**ACTIVITY**
Although the entries hold pictures, only their words are printed back, exactly as given.

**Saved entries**
- Opening Delimiter -
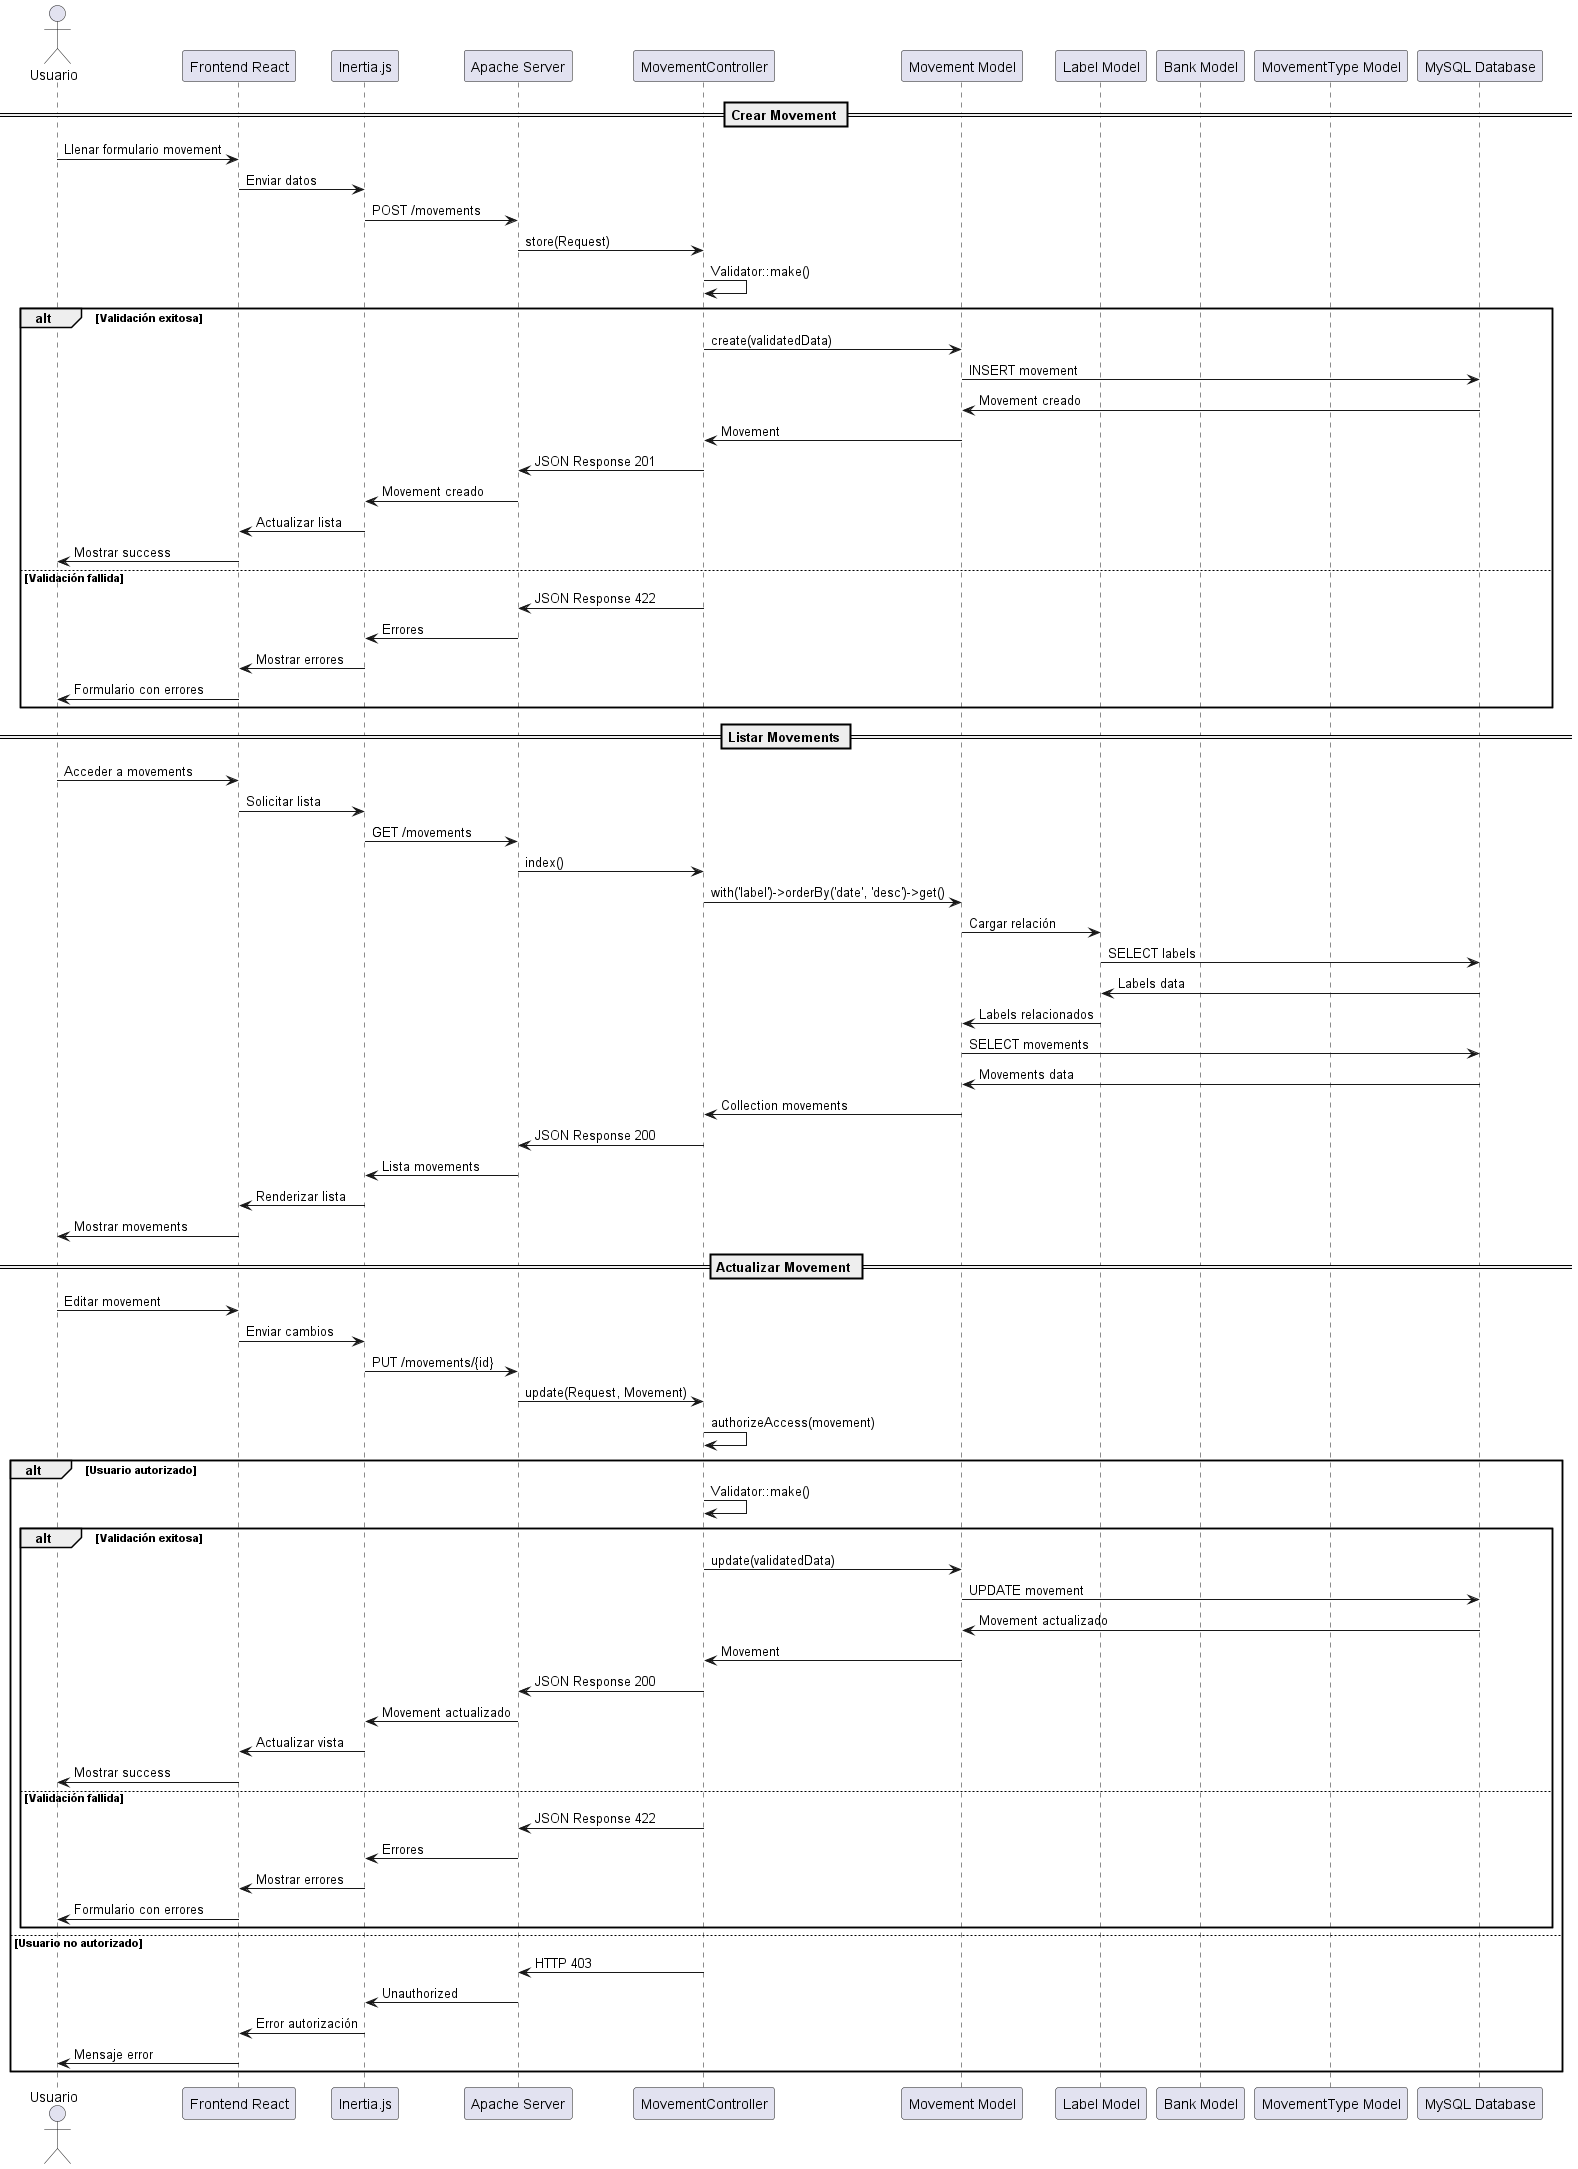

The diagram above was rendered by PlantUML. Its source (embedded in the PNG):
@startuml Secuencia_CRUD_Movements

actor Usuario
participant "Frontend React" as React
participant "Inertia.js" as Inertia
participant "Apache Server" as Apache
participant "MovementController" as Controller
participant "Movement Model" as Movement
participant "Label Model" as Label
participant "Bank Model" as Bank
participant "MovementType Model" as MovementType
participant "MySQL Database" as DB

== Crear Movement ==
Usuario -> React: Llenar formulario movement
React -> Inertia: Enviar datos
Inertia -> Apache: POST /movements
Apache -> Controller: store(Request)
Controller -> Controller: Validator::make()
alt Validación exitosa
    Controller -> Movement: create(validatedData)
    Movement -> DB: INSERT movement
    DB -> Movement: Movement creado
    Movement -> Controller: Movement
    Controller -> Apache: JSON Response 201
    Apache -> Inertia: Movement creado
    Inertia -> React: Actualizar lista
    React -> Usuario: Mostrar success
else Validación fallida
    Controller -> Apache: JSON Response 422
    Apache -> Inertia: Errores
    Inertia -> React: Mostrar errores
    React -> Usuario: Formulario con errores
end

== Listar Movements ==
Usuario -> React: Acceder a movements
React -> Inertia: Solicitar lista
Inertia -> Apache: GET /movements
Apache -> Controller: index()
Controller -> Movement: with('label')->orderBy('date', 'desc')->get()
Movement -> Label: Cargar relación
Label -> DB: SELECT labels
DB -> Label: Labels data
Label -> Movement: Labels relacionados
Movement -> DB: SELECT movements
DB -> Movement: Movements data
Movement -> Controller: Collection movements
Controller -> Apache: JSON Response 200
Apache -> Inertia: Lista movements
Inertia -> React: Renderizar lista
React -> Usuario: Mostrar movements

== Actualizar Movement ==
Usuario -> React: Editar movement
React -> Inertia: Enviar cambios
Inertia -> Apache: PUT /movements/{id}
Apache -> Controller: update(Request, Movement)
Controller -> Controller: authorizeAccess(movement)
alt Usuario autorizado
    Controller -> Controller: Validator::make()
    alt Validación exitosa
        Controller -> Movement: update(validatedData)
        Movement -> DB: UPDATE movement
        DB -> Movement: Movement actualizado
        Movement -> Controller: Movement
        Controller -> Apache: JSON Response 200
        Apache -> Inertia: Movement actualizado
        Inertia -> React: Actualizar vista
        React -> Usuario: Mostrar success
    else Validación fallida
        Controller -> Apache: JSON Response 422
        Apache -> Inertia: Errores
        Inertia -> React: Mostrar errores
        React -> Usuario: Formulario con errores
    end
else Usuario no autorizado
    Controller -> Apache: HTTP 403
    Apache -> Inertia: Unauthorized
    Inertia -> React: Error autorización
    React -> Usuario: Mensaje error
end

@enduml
- Closing Delimiter -
**RESULT OF THE EXERCISE**
The diagram above was rendered by PlantUML. Its source (embedded in the PNG):
@startuml Secuencia_CRUD_Movements

actor Usuario
participant "Frontend React" as React
participant "Inertia.js" as Inertia
participant "Apache Server" as Apache
participant "MovementController" as Controller
participant "Movement Model" as Movement
participant "Label Model" as Label
participant "Bank Model" as Bank
participant "MovementType Model" as MovementType
participant "MySQL Database" as DB

== Crear Movement ==
Usuario -> React: Llenar formulario movement
React -> Inertia: Enviar datos
Inertia -> Apache: POST /movements
Apache -> Controller: store(Request)
Controller -> Controller: Validator::make()
alt Validación exitosa
    Controller -> Movement: create(validatedData)
    Movement -> DB: INSERT movement
    DB -> Movement: Movement creado
    Movement -> Controller: Movement
    Controller -> Apache: JSON Response 201
    Apache -> Inertia: Movement creado
    Inertia -> React: Actualizar lista
    React -> Usuario: Mostrar success
else Validación fallida
    Controller -> Apache: JSON Response 422
    Apache -> Inertia: Errores
    Inertia -> React: Mostrar errores
    React -> Usuario: Formulario con errores
end

== Listar Movements ==
Usuario -> React: Acceder a movements
React -> Inertia: Solicitar lista
Inertia -> Apache: GET /movements
Apache -> Controller: index()
Controller -> Movement: with('label')->orderBy('date', 'desc')->get()
Movement -> Label: Cargar relación
Label -> DB: SELECT labels
DB -> Label: Labels data
Label -> Movement: Labels relacionados
Movement -> DB: SELECT movements
DB -> Movement: Movements data
Movement -> Controller: Collection movements
Controller -> Apache: JSON Response 200
Apache -> Inertia: Lista movements
Inertia -> React: Renderizar lista
React -> Usuario: Mostrar movements

== Actualizar Movement ==
Usuario -> React: Editar movement
React -> Inertia: Enviar cambios
Inertia -> Apache: PUT /movements/{id}
Apache -> Controller: update(Request, Movement)
Controller -> Controller: authorizeAccess(movement)
alt Usuario autorizado
    Controller -> Controller: Validator::make()
    alt Validación exitosa
        Controller -> Movement: update(validatedData)
        Movement -> DB: UPDATE movement
        DB -> Movement: Movement actualizado
        Movement -> Controller: Movement
        Controller -> Apache: JSON Response 200
        Apache -> Inertia: Movement actualizado
        Inertia -> React: Actualizar vista
        React -> Usuario: Mostrar success
    else Validación fallida
        Controller -> Apache: JSON Response 422
        Apache -> Inertia: Errores
        Inertia -> React: Mostrar errores
        React -> Usuario: Formulario con errores
    end
else Usuario no autorizado
    Controller -> Apache: HTTP 403
    Apache -> Inertia: Unauthorized
    Inertia -> React: Error autorización
    React -> Usuario: Mensaje error
end

@enduml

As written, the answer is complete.